Tuesday, April 13, 2010
Remember the past to change the future
Four decades ago, America was a much different place. It’s good to remember that no matter how bad things may seem at any given moment, there was a time they were much, much worse. We should celebrate how far we’ve come, and learn from the past so that we never return to those dark times.
A new documentary, Stonewall Uprising, takes a look at the night that changed everything for GLBT America: On June 28, 1969, New York City police conducted a routine raid on a mafia-owned bar, the Stonewall Inn. That night, for the first time, gay people fought back and the modern gay rights movement was born.
There was, of course, already a reform movement prior to that night, some of it chronicled in the earlier film, “Before Stonewall”. But the three nights of rioting that the 1969 raid touched off is widely regarded as the spark that started everything moving.
The film’s trailer above gives a sense not only of the film, but also the times in which the Stonewall Riots happened. The trailer has one historical inaccuracy, however: A title card says, "In 1969, homosexual acts were illegal throughout the United States." That's actually not true: In 1962, Illinois became the first state to repeal its anti-sodomy laws, nearly a decade before any other state. So, in 1969, homosexual acts were illegal in 49 states.
Illinois certainly wasn’t some sort of paradise: Police still found other ways and reasons to harass GLBT people, whether entrapping them in "prostitution" stings or routine raids of GLBT bars. Such routine police raids of gay bars in Chicago didn't stop until after Jane M. Byrne became Mayor of Chicago in 1979.
When I came out in 1981, I entered an underground community. It was legal to fire GLBT people, or refuse to hire them in the first place, because of their sexual orientation. It was legal to refuse public accommodation to GLBT people, or to refuse to rent or sell housing to them. In much the state, crimes against GLBT people went unreported because the police were not on our side.

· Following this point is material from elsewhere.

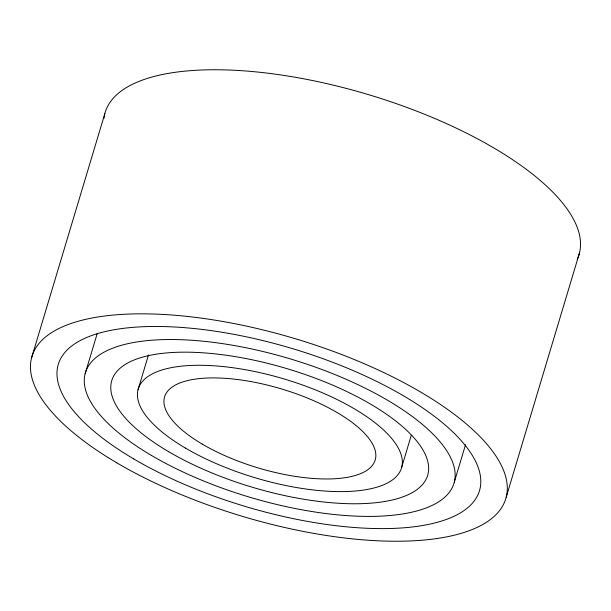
<?xml version="1.0" encoding="UTF-8"?>
<svg xmlns="http://www.w3.org/2000/svg" width="611" height="611" viewBox="0 0 611 611"><rect width="100%" height="100%" fill="white"/><g stroke="black" fill="none" stroke-linecap="round" stroke-linejoin="round"><path stroke-width="0.92" d="M31.589 357.817L104.817 113.745M85.15 373.741L97.218 333.514M138.055 389.711L148.473 354.976M401.717 467.178L411.318 435.185M454.286 482.194L465.529 444.709M506.183 497.255L579.411 253.183M103.946 118.412A247.356 92.658 16.7 0 1 367.547 94.354A247.356 92.658 16.7 0 1 577.166 259.408M185.4 448.062A137.422 51.477 16.7 0 0 400.472 470.638A137.422 51.477 16.7 0 0 223.779 366.631A137.422 51.477 16.7 0 0 185.4 448.062M202.302 444.136A109.934 41.181 16.7 0 0 374.352 462.199A109.934 41.181 16.7 0 0 233.005 378.996A109.934 41.181 16.7 0 0 202.302 444.136M151.444 455.432A192.389 72.067 16.7 0 0 452.537 487.036A192.389 72.067 16.7 0 0 205.174 341.427A192.389 72.067 16.7 0 0 151.444 455.432M168.338 451.506A164.901 61.772 16.7 0 0 426.417 478.596A164.901 61.772 16.7 0 0 214.392 353.792A164.901 61.772 16.7 0 0 168.338 451.506M116.816 462.848A247.356 92.658 16.7 0 0 503.938 503.487A247.356 92.658 16.7 0 0 185.904 316.277A247.356 92.658 16.7 0 0 116.816 462.848M133.717 458.922A219.868 82.363 16.7 0 0 477.825 495.047A219.868 82.363 16.7 0 0 195.123 328.642A219.868 82.363 16.7 0 0 133.717 458.922"/></g></svg>

By 1983, I was in Chicago. Routine raids on gay bars had ended, but discrimination was still legal. In 1988—nearly 20 years after Stonewall—the Chicago City Council finally adopted the Human Rights Ordinance, banning discrimination against GLBT people within the city. Added to the small cities and towns that had already enacted local ordinances, roughly one quarter of Illinois residents lived under the protection of GLBT-inclusive anti-discrimination laws.
It was another 15 years before the Illinois legislature finally passed a statewide human rights law—nearly 36 years after Stonewall.
The work ignited that New York night in 1969 hasn’t ended. Despite the Supreme Court ruling in Lawrence v. Texas, about a dozen US states still have anti-sodomy laws on the books, waiting for a more conservative court—or the triumph of the “tenthers”—to begin enforcing them again.
We’ve also seen the frenzied effort by religious extremists to deny same-sex couples any legal recognition whatsoever. Illinois has seen off attempts at amending its state constitution to ban same-sex marriage, but the current Republican candidate for Governor, Bill Brady, declared, “Marriage is a sacred institution between a man and a woman… I support an Amendment to our state constitution which would safeguard the institution of marriage…”
In Illinois, and most of the US, the battle for equality is far from over. We face powerful, well-financed opponents, especially on the religious right, who lie and defame GLBT people with giddy abandon. But the force to obtain simple justice for GLBT Americans, set loose that night in June 1969, is far from extinguished, even though there are years of work ahead. As Dr. King famously put it, “the arc of the moral universe is long but it bends toward justice.” Ultimately, we will prevail.